Su, C F; Wang, W; Gong, S L; Zuo, J H; Li, S J.
Afiliação
  • Su CF; Department of Life Sciences, Liupanshui Normal University, Liupanshui, Guizhou, China chfsu2008@163.com.
  • Wang W; chfsu2008@163.com.
  • Gong SL; Agricultural Science Institute of Coastal Region of Jiangsu, Yancheng, Jiangsu, China.
  • Zuo JH; Liupanshui Academy of Agricultural Sciences, Liupanshui, Guizhou, China.
  • Li SJ; Department of Life Sciences, Liupanshui Normal University, Liupanshui, Guizhou, China.
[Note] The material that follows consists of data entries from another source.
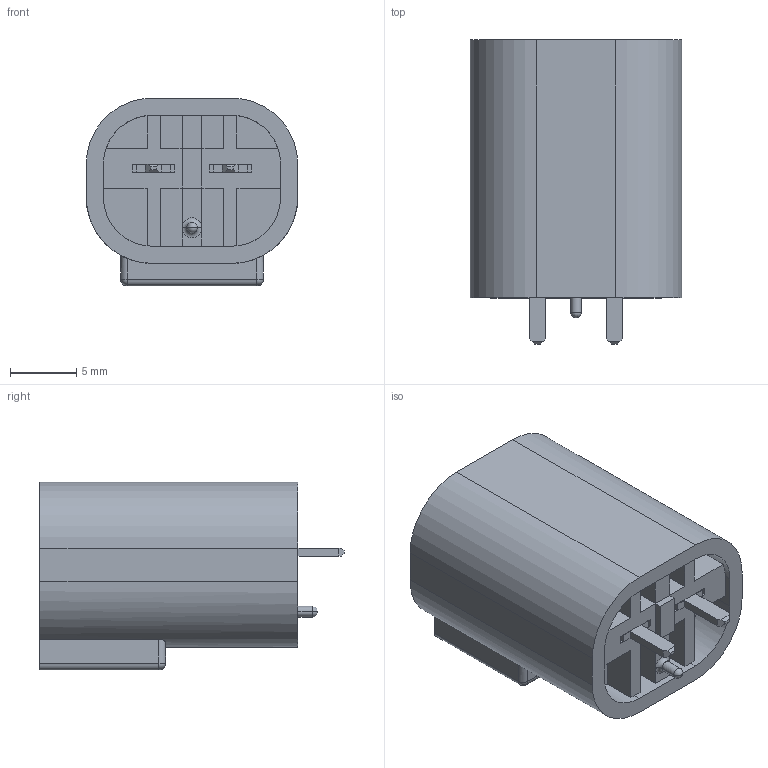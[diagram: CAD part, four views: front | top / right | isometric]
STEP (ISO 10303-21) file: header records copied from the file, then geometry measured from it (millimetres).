
FILE_DESCRIPTION (( 'STEP AP214' ), '1' );
FILE_NAME ('570-002-420-101.STEP', '2020-07-30T14:40:27', ( '' ), ( '' ), 'SwSTEP 2.0', 'SolidWorks 2020', '' );
FILE_SCHEMA (( 'AUTOMOTIVE_DESIGN' ));
Length unit declared in the file: millimetre
Products named in the file (3): 570-002-420-101; 570-002-420-101_Pin; 570-002-420-101_Housing
Assembly tree (3 placements, depth 2):
  570-002-420-101
    570-002-420-101_Housing
    570-002-420-101_Pin  x2
Bounding box: 16 x 23 x 14.2 mm (x, y, z)
Volume: 1547.2 mm3; surface area: 2678.1 mm2
Topology: 3 solids, 3 shells, 213 faces, 577 edges, 369 vertices
Faces by surface type: plane 176, cylinder 25, sphere 4, cone 4, torus 2, bspline 2
Entity records: 5757 total; most frequent: CARTESIAN_POINT 1031, ORIENTED_EDGE 974, DIRECTION 923, EDGE_CURVE 487, LINE 413, VECTOR 413, VERTEX_POINT 311, AXIS2_PLACEMENT_3D 255

Genet Mol Res ; 15(4)2016 Dec 19.
Article em En | MEDLINE | ID: mdl-28002599
The accuracy of quantitative trait loci (QTLs) identified using different sample sizes and marker densities was evaluated in different genetic models. Model I assumed one additive QTL; Model II assumed three additive QTLs plus one pair of epistatic QTLs; and Model III assumed two additive QTLs with opposite genetic effects plus two pairs of epistatic QTLs. Recombinant inbred lines (RILs) (50-1500 samples) were simulated according to the Models to study the influence of different sample sizes under different genetic models on QTL mapping accuracy. RILs with 10-100 target chromosome markers were simulated according to Models I and II to evaluate the influence of marker density on QTL mapping accuracy. Different marker densities did not significantly influence accurate estimation of genetic effects with simple additive models, but influenced QTL mapping accuracy in the additive and epistatic models. The optimum marker density was approximately 20 markers when the recombination fraction between two adjacent markers was 0.056 in the additive and epistatic models. A sample size of 150 was sufficient for detecting simple additive QTLs. Thus, a sample size of approximately 450 is needed to detect QTLs with additive and epistatic models. Sample size must be approximately 750 to detect QTLs with additive, epistatic, and combined effects between QTLs. The sample size should be increased to >750 if the genetic models of the data set become more complicated than Model III. Our results provide a theoretical basis for marker-assisted selection breeding and molecular design breeding.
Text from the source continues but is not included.